### WHAT TO PRODUCE:
Copying rule for the data below: pictures stay out, and only the lines from the one with "[diagram v7a: part of the schematic, before]" down to the one with "- added sheet Comfort (comfort.kicad_sch)", inclusive, are repeated exactly.

Top of SOURCE MATERIAL

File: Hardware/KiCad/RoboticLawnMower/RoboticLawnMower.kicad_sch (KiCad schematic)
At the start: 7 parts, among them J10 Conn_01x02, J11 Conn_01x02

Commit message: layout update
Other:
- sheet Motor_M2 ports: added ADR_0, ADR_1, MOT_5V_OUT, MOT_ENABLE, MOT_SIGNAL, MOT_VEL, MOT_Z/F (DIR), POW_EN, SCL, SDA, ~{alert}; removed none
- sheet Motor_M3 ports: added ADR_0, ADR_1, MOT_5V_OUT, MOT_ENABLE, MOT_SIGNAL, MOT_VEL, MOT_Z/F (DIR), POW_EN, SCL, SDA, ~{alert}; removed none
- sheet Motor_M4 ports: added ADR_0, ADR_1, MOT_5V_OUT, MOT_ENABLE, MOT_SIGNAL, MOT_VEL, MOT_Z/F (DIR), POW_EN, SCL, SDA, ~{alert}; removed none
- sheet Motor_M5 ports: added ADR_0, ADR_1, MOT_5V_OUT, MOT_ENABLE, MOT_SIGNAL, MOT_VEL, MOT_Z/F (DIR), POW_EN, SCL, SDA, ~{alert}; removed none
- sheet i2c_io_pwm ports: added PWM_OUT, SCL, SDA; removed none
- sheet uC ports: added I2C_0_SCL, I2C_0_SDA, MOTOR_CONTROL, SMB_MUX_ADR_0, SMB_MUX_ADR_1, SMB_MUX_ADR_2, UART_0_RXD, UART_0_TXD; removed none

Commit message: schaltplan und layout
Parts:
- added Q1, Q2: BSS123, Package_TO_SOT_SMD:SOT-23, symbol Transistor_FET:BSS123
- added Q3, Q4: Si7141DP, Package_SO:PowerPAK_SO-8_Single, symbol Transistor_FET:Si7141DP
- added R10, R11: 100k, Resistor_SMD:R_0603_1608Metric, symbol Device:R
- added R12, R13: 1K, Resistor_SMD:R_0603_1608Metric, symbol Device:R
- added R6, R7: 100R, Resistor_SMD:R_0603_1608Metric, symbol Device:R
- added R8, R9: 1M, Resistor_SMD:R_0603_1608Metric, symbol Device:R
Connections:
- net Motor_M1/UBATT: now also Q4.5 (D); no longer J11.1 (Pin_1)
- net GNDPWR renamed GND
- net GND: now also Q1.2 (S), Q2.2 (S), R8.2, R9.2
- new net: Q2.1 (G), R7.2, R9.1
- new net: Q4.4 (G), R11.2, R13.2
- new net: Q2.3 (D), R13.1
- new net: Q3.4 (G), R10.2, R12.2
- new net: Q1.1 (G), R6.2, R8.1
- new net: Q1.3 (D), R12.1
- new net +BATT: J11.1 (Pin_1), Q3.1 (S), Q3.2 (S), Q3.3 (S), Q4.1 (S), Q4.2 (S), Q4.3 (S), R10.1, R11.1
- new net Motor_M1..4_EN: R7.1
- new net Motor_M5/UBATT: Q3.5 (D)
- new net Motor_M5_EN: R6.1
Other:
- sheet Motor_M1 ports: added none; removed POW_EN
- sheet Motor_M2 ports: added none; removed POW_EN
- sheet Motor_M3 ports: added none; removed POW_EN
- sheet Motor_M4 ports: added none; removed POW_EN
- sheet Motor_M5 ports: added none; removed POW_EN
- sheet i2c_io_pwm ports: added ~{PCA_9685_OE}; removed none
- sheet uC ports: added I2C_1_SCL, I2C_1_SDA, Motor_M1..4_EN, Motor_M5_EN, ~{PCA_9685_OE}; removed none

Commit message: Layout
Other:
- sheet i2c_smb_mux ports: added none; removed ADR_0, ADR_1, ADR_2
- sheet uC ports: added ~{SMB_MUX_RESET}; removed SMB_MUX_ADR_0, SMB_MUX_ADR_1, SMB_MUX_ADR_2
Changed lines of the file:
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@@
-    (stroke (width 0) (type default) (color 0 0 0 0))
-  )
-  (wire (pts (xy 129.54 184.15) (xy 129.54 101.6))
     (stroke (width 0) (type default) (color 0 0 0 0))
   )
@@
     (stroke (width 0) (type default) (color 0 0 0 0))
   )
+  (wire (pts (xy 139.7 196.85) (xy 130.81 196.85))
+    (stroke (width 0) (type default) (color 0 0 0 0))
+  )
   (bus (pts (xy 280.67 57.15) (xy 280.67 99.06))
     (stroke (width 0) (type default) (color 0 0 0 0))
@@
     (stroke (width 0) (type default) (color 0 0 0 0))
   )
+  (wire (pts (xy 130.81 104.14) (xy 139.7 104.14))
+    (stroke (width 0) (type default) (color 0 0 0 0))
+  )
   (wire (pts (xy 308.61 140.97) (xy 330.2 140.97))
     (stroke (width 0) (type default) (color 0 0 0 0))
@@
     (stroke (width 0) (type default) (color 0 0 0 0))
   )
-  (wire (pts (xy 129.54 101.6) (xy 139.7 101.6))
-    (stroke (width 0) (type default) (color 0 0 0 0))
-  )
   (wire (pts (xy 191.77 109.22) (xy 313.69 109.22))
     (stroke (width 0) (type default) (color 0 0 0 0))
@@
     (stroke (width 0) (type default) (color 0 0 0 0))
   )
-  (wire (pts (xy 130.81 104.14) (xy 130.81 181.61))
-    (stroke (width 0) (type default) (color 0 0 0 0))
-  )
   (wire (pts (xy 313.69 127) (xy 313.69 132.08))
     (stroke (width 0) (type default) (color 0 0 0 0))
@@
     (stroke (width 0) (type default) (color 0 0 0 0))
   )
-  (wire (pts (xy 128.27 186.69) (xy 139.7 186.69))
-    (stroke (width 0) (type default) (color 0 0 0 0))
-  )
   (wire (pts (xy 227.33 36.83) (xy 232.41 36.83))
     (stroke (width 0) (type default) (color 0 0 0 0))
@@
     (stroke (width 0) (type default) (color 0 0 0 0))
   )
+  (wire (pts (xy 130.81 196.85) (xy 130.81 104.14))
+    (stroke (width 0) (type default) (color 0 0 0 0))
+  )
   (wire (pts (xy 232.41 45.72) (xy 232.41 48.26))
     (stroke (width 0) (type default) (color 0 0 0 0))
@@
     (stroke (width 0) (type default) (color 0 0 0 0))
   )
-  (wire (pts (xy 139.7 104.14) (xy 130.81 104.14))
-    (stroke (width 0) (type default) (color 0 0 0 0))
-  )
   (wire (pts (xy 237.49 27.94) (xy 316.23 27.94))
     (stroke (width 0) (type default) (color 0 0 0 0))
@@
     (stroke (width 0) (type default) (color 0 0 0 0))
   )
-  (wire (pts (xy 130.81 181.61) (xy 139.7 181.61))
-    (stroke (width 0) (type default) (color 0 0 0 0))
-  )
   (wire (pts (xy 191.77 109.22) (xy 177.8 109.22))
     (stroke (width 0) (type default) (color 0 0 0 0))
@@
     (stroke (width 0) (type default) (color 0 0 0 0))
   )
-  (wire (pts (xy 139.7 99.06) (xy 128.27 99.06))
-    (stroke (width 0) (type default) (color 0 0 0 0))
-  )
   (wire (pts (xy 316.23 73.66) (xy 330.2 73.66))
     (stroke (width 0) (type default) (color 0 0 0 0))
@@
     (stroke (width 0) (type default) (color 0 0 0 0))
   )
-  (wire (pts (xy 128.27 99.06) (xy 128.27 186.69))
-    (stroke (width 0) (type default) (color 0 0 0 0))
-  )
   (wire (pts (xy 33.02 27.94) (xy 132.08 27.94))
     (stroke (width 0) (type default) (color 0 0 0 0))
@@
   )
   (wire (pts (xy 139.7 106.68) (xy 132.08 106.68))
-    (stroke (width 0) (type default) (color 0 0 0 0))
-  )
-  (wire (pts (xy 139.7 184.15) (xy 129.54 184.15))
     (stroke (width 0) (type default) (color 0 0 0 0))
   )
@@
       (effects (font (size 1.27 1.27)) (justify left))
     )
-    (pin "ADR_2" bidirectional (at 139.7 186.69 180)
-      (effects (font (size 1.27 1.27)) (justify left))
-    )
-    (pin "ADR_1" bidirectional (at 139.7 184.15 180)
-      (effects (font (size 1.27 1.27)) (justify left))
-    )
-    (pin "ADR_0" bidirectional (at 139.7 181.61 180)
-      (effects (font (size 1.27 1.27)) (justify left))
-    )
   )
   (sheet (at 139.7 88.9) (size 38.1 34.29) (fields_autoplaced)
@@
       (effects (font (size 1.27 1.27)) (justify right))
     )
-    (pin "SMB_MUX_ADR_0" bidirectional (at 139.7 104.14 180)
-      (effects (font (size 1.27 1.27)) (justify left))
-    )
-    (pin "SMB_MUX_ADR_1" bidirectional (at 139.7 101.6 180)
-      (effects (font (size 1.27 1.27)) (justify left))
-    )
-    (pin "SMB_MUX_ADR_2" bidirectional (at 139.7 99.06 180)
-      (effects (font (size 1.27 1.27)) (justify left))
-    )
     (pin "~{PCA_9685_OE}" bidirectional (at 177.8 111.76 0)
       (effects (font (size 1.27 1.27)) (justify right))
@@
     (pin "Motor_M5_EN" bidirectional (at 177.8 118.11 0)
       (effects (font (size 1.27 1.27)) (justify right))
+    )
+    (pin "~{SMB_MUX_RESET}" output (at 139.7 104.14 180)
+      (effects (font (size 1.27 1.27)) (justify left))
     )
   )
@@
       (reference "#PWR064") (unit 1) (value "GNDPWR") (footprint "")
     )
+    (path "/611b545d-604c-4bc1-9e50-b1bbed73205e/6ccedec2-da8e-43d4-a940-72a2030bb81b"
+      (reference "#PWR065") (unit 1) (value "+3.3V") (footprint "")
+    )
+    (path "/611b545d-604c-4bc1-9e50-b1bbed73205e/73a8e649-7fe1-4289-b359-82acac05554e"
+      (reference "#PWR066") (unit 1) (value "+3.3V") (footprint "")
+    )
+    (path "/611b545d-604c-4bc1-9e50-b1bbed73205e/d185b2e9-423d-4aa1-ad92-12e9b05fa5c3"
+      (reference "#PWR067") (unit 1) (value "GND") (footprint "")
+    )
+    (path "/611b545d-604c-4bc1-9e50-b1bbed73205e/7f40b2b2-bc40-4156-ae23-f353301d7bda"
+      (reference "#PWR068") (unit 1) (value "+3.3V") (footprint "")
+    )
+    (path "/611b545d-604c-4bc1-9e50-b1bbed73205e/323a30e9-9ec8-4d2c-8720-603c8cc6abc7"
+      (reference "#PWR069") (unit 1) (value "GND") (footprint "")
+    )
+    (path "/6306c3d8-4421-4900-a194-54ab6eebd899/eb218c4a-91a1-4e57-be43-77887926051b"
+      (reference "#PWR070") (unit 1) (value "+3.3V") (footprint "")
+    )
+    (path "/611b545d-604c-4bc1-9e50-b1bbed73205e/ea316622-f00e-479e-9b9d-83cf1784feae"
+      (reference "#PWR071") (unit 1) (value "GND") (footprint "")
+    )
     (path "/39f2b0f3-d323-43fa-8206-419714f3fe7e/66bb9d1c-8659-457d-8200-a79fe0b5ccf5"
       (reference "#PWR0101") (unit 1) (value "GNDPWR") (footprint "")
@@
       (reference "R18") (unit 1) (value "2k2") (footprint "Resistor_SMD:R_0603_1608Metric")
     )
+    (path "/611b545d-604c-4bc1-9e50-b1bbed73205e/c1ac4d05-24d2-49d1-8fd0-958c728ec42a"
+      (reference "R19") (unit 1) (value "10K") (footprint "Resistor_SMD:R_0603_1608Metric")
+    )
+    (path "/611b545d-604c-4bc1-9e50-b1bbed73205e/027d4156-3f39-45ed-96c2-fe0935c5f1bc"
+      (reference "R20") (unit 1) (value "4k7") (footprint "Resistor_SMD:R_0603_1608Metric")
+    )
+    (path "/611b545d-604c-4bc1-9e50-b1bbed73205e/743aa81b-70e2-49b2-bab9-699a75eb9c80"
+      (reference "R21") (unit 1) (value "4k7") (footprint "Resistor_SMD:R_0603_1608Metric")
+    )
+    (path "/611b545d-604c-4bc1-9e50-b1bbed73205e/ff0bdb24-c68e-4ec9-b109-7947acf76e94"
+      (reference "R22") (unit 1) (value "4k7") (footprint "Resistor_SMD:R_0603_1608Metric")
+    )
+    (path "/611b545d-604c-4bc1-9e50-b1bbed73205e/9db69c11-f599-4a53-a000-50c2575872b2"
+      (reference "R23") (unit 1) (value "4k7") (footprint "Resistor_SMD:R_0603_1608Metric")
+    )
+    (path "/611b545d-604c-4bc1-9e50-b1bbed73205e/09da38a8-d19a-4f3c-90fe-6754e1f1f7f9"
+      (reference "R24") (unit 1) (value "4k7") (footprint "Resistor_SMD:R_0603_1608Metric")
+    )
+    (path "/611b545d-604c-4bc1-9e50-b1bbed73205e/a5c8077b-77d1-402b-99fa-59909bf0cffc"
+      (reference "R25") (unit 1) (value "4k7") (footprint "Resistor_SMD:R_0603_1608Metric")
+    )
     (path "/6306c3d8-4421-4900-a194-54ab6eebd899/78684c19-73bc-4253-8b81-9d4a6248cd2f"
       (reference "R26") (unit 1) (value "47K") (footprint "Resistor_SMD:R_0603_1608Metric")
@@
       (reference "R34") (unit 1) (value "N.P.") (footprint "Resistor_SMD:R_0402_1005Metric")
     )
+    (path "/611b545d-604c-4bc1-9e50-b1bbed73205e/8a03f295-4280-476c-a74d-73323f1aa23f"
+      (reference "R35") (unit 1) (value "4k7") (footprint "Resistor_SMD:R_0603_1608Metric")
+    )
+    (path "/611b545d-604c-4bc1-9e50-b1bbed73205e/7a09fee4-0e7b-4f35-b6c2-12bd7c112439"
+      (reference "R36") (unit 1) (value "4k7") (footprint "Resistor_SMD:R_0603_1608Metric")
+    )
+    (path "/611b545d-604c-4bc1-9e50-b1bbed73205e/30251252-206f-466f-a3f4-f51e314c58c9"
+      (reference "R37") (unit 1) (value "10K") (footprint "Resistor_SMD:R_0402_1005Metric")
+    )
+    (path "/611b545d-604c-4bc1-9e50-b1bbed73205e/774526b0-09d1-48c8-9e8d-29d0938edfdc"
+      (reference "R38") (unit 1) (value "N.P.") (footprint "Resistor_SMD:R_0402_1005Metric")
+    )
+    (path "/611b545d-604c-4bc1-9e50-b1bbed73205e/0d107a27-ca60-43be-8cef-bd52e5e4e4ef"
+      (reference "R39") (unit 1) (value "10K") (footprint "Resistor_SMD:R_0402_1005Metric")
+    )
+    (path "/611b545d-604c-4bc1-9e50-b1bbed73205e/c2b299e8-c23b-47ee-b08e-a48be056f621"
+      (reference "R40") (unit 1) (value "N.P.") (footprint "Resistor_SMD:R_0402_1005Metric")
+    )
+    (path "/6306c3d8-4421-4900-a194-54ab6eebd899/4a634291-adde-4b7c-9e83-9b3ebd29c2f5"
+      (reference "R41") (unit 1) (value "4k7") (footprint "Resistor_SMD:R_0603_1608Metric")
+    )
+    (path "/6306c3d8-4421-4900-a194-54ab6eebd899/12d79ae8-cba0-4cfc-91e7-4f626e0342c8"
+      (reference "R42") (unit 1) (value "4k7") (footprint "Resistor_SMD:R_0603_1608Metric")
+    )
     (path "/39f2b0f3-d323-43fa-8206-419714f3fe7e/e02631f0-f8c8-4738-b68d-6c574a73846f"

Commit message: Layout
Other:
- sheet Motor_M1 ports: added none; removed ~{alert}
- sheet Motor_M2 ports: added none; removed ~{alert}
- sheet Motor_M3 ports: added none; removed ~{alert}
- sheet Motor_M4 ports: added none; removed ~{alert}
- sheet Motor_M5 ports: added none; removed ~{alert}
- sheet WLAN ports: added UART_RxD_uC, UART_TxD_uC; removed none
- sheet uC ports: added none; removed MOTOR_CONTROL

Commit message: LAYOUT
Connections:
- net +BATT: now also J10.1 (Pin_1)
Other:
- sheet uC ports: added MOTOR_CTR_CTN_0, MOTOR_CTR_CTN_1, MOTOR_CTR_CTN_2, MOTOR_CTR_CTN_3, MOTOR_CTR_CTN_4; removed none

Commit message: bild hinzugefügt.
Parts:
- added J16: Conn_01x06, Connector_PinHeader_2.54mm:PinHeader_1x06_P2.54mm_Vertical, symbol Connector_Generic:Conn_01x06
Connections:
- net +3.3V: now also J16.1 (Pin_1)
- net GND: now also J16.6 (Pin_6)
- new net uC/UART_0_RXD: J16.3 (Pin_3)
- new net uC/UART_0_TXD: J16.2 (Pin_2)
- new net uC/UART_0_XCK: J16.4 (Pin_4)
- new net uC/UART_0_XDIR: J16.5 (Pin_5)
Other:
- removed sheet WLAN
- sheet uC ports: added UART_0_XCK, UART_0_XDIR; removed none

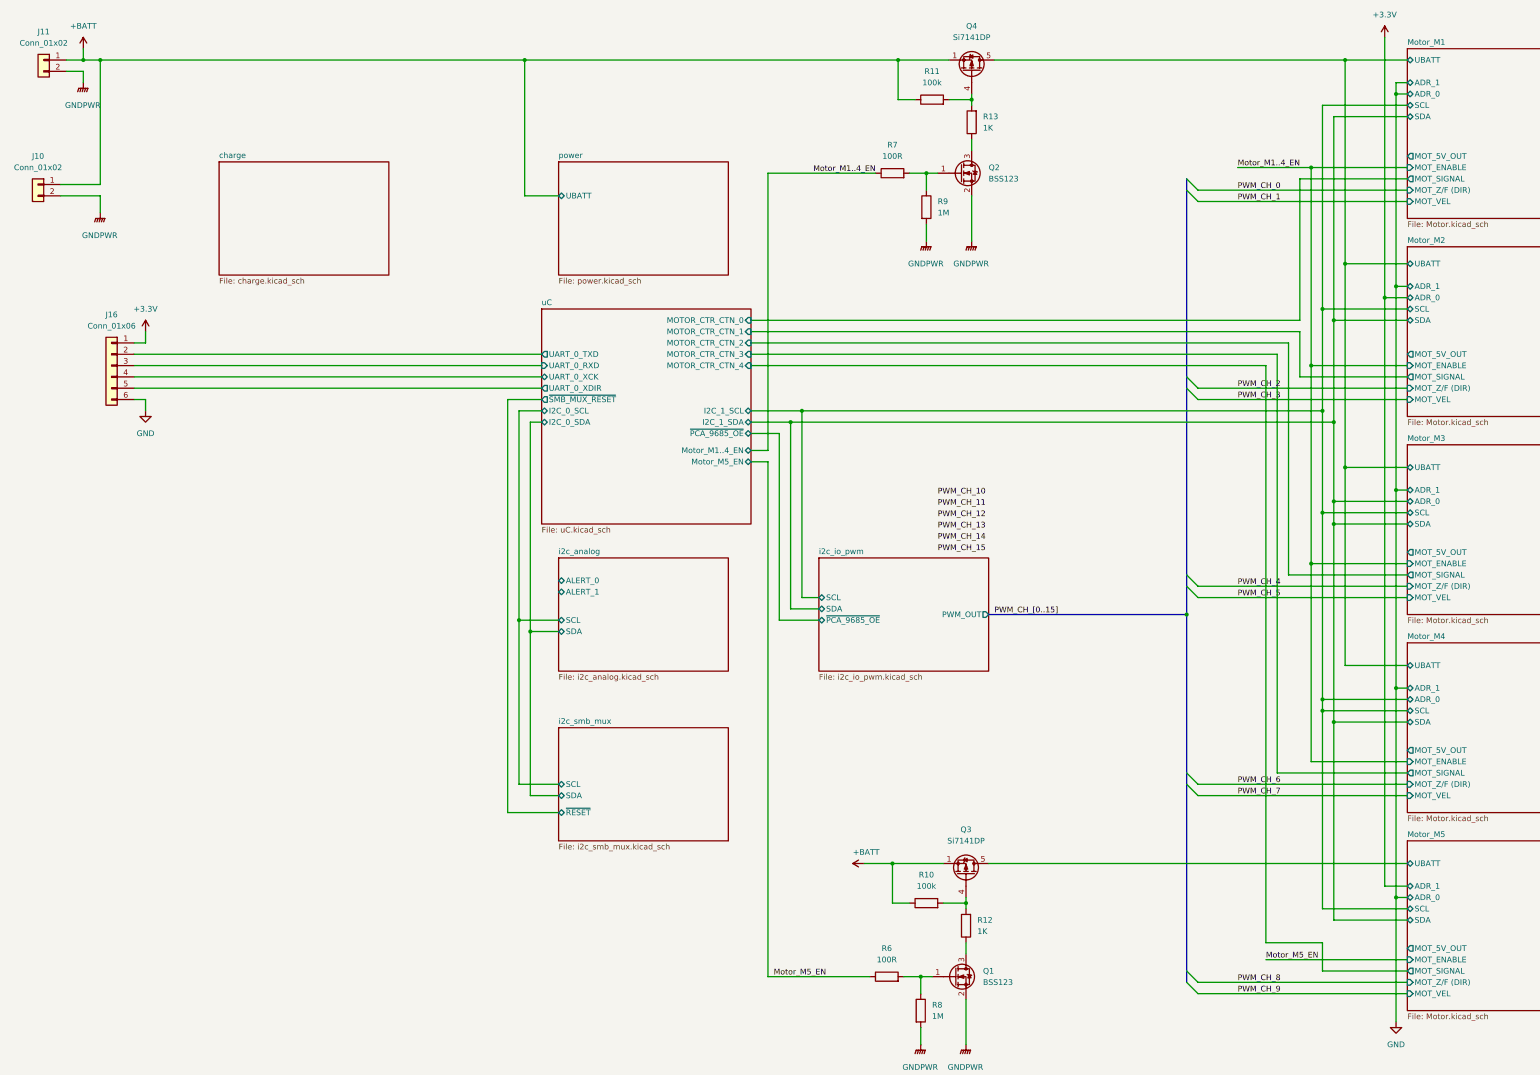
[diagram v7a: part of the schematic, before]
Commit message: Schaltplan und Layout änderung
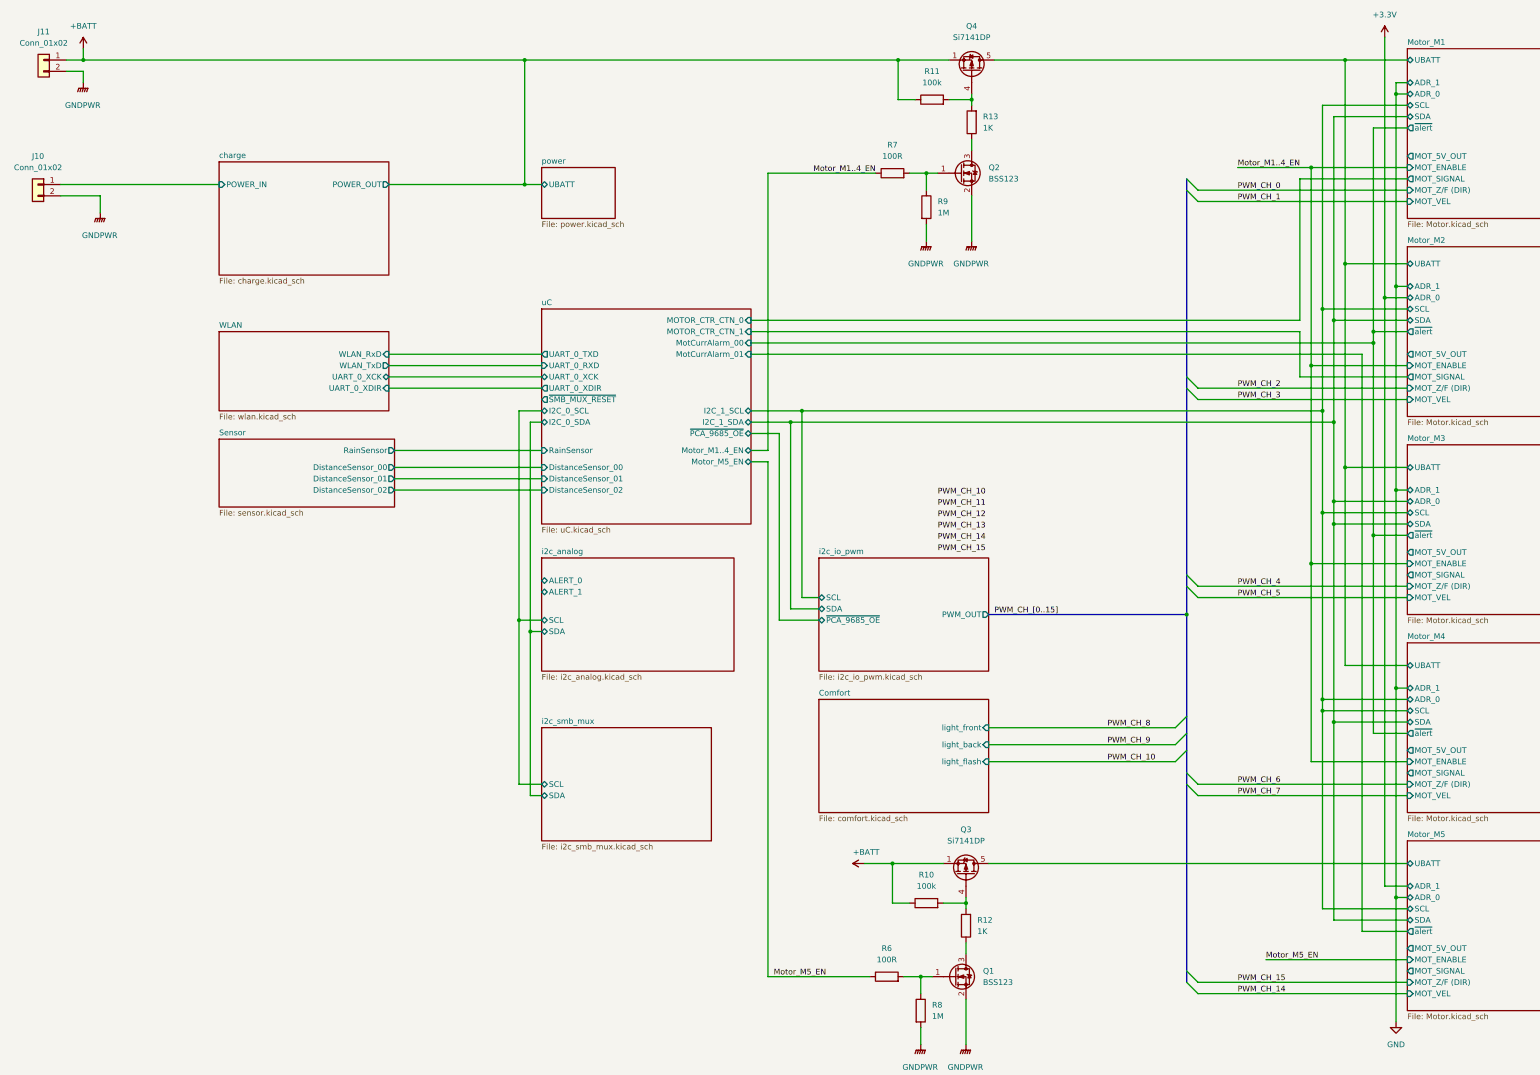
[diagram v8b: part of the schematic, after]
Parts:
- removed J16: Conn_01x06, Connector_PinHeader_2.54mm:PinHeader_1x06_P2.54mm_Vertical, symbol Connector_Generic:Conn_01x06
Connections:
- net +BATT: no longer J10.1 (Pin_1)
- new net charge/POWER_IN: J10.1 (Pin_1)
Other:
- added sheet Comfort (comfort.kicad_sch)
- added sheet Sensor (sensor.kicad_sch)
- added sheet WLAN (wlan.kicad_sch)
- sheet Motor_M1 ports: added ~{alert}; removed none
- sheet Motor_M2 ports: added ~{alert}; removed none
- sheet Motor_M3 ports: added ~{alert}; removed none
- sheet Motor_M4 ports: added ~{alert}; removed none
- sheet Motor_M5 ports: added ~{alert}; removed none
- sheet charge ports: added POWER_IN, POWER_OUT; removed none
- sheet i2c_smb_mux ports: added none; removed ~{RESET}
- sheet uC ports: added DistanceSensor_00, DistanceSensor_01, DistanceSensor_02, MotCurrAlarm_00, MotCurrAlarm_01, RainSensor; removed MOTOR_CTR_CTN_2, MOTOR_CTR_CTN_3, MOTOR_CTR_CTN_4

Bottom of SOURCE MATERIAL

### TASK ANSWER:
[diagram v7a: part of the schematic, before]
Commit message: Schaltplan und Layout änderung
[diagram v8b: part of the schematic, after]
Parts:
- removed J16: Conn_01x06, Connector_PinHeader_2.54mm:PinHeader_1x06_P2.54mm_Vertical, symbol Connector_Generic:Conn_01x06
Connections:
- net +BATT: no longer J10.1 (Pin_1)
- new net charge/POWER_IN: J10.1 (Pin_1)
Other:
- added sheet Comfort (comfort.kicad_sch)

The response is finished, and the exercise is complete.